(TO DO) Take from the data every line in which the word "current" is found.

(SUPPLIED RECORDS)
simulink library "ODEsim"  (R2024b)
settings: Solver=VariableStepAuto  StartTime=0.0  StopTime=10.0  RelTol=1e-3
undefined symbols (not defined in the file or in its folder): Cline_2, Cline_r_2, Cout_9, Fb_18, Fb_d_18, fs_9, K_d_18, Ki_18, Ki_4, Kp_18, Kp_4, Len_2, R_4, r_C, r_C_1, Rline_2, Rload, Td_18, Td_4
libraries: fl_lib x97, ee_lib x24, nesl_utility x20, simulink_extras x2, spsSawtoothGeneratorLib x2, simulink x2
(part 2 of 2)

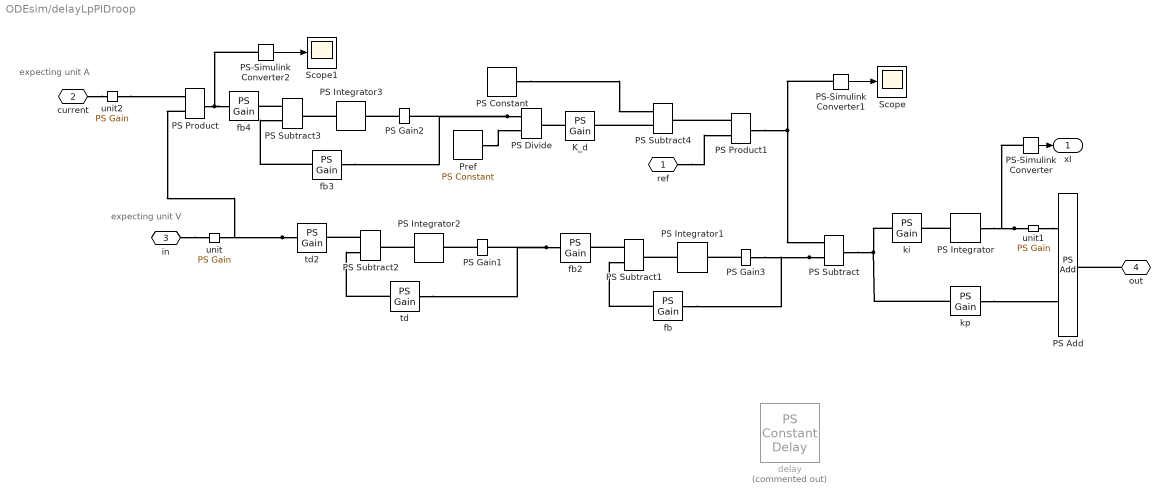
== system ODEsim/delayLpPIDroop ==
  note: expecting unit A
  note: expecting unit V
  K_d : fl_lib/Physical Signals/Functions/PS Gain  gain=K_d_18
  PS Add : fl_lib/Physical Signals/Functions/PS Add
  PS Constant : fl_lib/Physical Signals/Sources/PS Constant  constant=1
  PS Divide : fl_lib/Physical Signals/Functions/PS Divide
  PS Gain1 : fl_lib/Physical Signals/Functions/PS Gain  gain=1 1/s
  PS Gain2 : fl_lib/Physical Signals/Functions/PS Gain  gain=1 1/s
  PS Gain3 : fl_lib/Physical Signals/Functions/PS Gain  gain=1 1/s
  PS Integrator : fl_lib/Physical Signals/Linear Operators/PS Integrator  reset_method=foundation.enum.IntegratorResetSpec.None  initial_condition_spec=foundation.enum.IntegratorICSpec.Internal  saturation_spec=foundation.enum.IntegratorSaturationSpec.Both  saturation_source_spec=foundation.enum.IntegratorSaturationSourceSpec.Internal  x0=0 s  xu=90 s  xl=-0 s
  PS Integrator1 : fl_lib/Physical Signals/Linear Operators/PS Integrator  reset_method=foundation.enum.IntegratorResetSpec.None  initial_condition_spec=foundation.enum.IntegratorICSpec.Internal  saturation_spec=foundation.enum.IntegratorSaturationSpec.None  saturation_source_spec=foundation.enum.IntegratorSaturationSourceSpec.Internal  x0=0 s  xu=inf s  xl=-inf s
  PS Integrator2 : fl_lib/Physical Signals/Linear Operators/PS Integrator  reset_method=foundation.enum.IntegratorResetSpec.None  initial_condition_spec=foundation.enum.IntegratorICSpec.Internal  saturation_spec=foundation.enum.IntegratorSaturationSpec.None  saturation_source_spec=foundation.enum.IntegratorSaturationSourceSpec.Internal  x0=0 s  xu=inf s  xl=-inf s
  PS Integrator3 : fl_lib/Physical Signals/Linear Operators/PS Integrator  reset_method=foundation.enum.IntegratorResetSpec.None  initial_condition_spec=foundation.enum.IntegratorICSpec.Internal  saturation_spec=foundation.enum.IntegratorSaturationSpec.None  saturation_source_spec=foundation.enum.IntegratorSaturationSourceSpec.Internal  x0=0 s  xu=inf s  xl=-inf s
  PS Product : fl_lib/Physical Signals/Functions/PS Product
  PS Product1 : fl_lib/Physical Signals/Functions/PS Product
  PS Subtract{,1..4} (5 alike) : fl_lib/Physical Signals/Functions/PS Subtract
  PS-Simulink Converter : nesl_utility/PS-Simulink Converter  PhysicalDomain=network_engine_domain  SubClassName=ps_output  LeftPortType=input  RightPortType=output  PseudoPeriodic=off  Frequencies=[]  VectorFormat=inherit  Unit=inherit  AffineConversion=off
  PS-Simulink Converter1 : nesl_utility/PS-Simulink Converter  PhysicalDomain=network_engine_domain  SubClassName=ps_output  LeftPortType=input  RightPortType=output  PseudoPeriodic=off  Frequencies=[]  VectorFormat=inherit  Unit=inherit  AffineConversion=off
  PS-Simulink Converter2 : nesl_utility/PS-Simulink Converter  PhysicalDomain=network_engine_domain  SubClassName=ps_output  LeftPortType=input  RightPortType=output  PseudoPeriodic=off  Frequencies=[]  VectorFormat=inherit  Unit=inherit  AffineConversion=off
  Pref : fl_lib/Physical Signals/Sources/PS Constant  constant=P_d_18
  Scope : Scope
  Scope1 : Scope
  delay : fl_lib/Physical Signals/Delays/PS Constant Delay  Commented=on  InputHistory=0.0  DelayTime=Td_4 s
      settings: InternalSimscapePortConfiguration="{\"Bottom\":[],\"Left\":[{\"id\":\"U\",\"label\":\"U\",\"type\":\"input\"}],\"Right\":[{\"id\":\"Y\",\"label\":\"Y\",\"type\":\"output\"}],\"Top\":[]}"
  fb : fl_lib/Physical Signals/Functions/PS Gain  gain=2*pi*Fb_18
  fb2 : fl_lib/Physical Signals/Functions/PS Gain  gain=2*pi*Fb_18
  fb3 : fl_lib/Physical Signals/Functions/PS Gain  gain=Fb_d_18* 2 * pi
  fb4 : fl_lib/Physical Signals/Functions/PS Gain  gain=Fb_d_18* 2 * pi
  ki : fl_lib/Physical Signals/Functions/PS Gain  gain=Ki_18
  kp : fl_lib/Physical Signals/Functions/PS Gain  gain=Kp_18
  td : fl_lib/Physical Signals/Functions/PS Gain  gain=1/Td_18
  td2 : fl_lib/Physical Signals/Functions/PS Gain  gain=1/Td_18
  unit : fl_lib/Physical Signals/Functions/PS Gain  gain=1 1/V
  unit1 : fl_lib/Physical Signals/Functions/PS Gain  gain=1 1/s
  unit2 : fl_lib/Physical Signals/Functions/PS Gain  gain=1 1/A
  ref : PMIOPort  Side=Left
  current : PMIOPort  Port=2  Side=Left
  in : PMIOPort  Port=3  Side=Left
  out : PMIOPort  Port=4  Side=Right
  xI : Outport
  wires:
  PS-Simulink Converter/1 -> xI/1
  PS-Simulink Converter1/1 -> Scope/1
  PS-Simulink Converter2/1 -> Scope1/1
  connections:
  PS Subtract4/LConn2 -- K_d/RConn1
  PS Product1/RConn1 -- PS Subtract/LConn1 -- PS-Simulink Converter1/LConn1
  ref/RConn1 -- PS Product1/LConn2
  PS Product1/LConn1 -- PS Subtract4/RConn1
  Pref/RConn1 -- PS Divide/LConn2
  PS Constant/RConn1 -- PS Subtract4/LConn1
  K_d/LConn1 -- PS Divide/RConn1
  unit2/RConn1 -- PS Product/LConn1
  current/RConn1 -- unit2/LConn1
  fb3/RConn1 -- PS Subtract3/LConn2
  PS Subtract3/LConn1 -- fb4/RConn1
  PS Integrator3/LConn1 -- PS Subtract3/RConn1
  PS Gain2/LConn1 -- PS Integrator3/RConn1
  PS Product/RConn1 -- PS-Simulink Converter2/LConn1 -- fb4/LConn1
  PS Divide/LConn1 -- PS Gain2/RConn1 -- fb3/LConn1
  td/RConn1 -- PS Subtract2/LConn2
  PS Integrator2/LConn1 -- PS Subtract2/RConn1
  PS Subtract2/LConn1 -- td2/RConn1
  PS Gain1/LConn1 -- PS Integrator2/RConn1
  td2/LConn1 -- unit/RConn1 -- PS Product/LConn2
  fb2/LConn1 -- PS Gain1/RConn1 -- td/LConn1
  unit1/RConn1 -- PS Add/LConn1
  PS Subtract/RConn1 -- kp/LConn1 -- ki/LConn1
  PS Integrator/LConn1 -- ki/RConn1
  in/RConn1 -- unit/LConn1
  unit1/LConn1 -- PS Integrator/RConn1 -- PS-Simulink Converter/LConn1
  kp/RConn1 -- PS Add/LConn2
  out/RConn1 -- PS Add/RConn1
  PS Subtract/LConn2 -- PS Gain3/RConn1 -- fb/LConn1
  fb/RConn1 -- PS Subtract1/LConn2
  PS Integrator1/LConn1 -- PS Subtract1/RConn1
  PS Subtract1/LConn1 -- fb2/RConn1
  PS Gain3/LConn1 -- PS Integrator1/RConn1

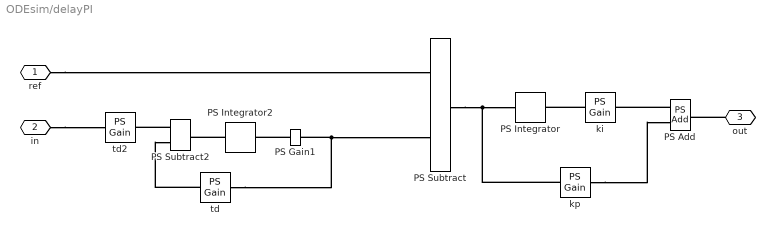
== system ODEsim/delayPI ==
  PS Add : fl_lib/Physical Signals/Functions/PS Add
  PS Gain1 : fl_lib/Physical Signals/Functions/PS Gain  gain=1 1/s
  PS Integrator : fl_lib/Physical Signals/Linear Operators/PS Integrator  reset_method=foundation.enum.IntegratorResetSpec.None  initial_condition_spec=foundation.enum.IntegratorICSpec.Internal  saturation_spec=foundation.enum.IntegratorSaturationSpec.None  saturation_source_spec=foundation.enum.IntegratorSaturationSourceSpec.Internal  x0=0 s  xu=inf s  xl=-inf s
  PS Integrator2 : fl_lib/Physical Signals/Linear Operators/PS Integrator  reset_method=foundation.enum.IntegratorResetSpec.None  initial_condition_spec=foundation.enum.IntegratorICSpec.Internal  saturation_spec=foundation.enum.IntegratorSaturationSpec.None  saturation_source_spec=foundation.enum.IntegratorSaturationSourceSpec.Internal  x0=0 s  xu=inf s  xl=-inf s
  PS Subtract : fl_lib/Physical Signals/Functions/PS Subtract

(TASK OUTPUT)
  current : PMIOPort  Port=2  Side=Left
  current/RConn1 -- unit2/LConn1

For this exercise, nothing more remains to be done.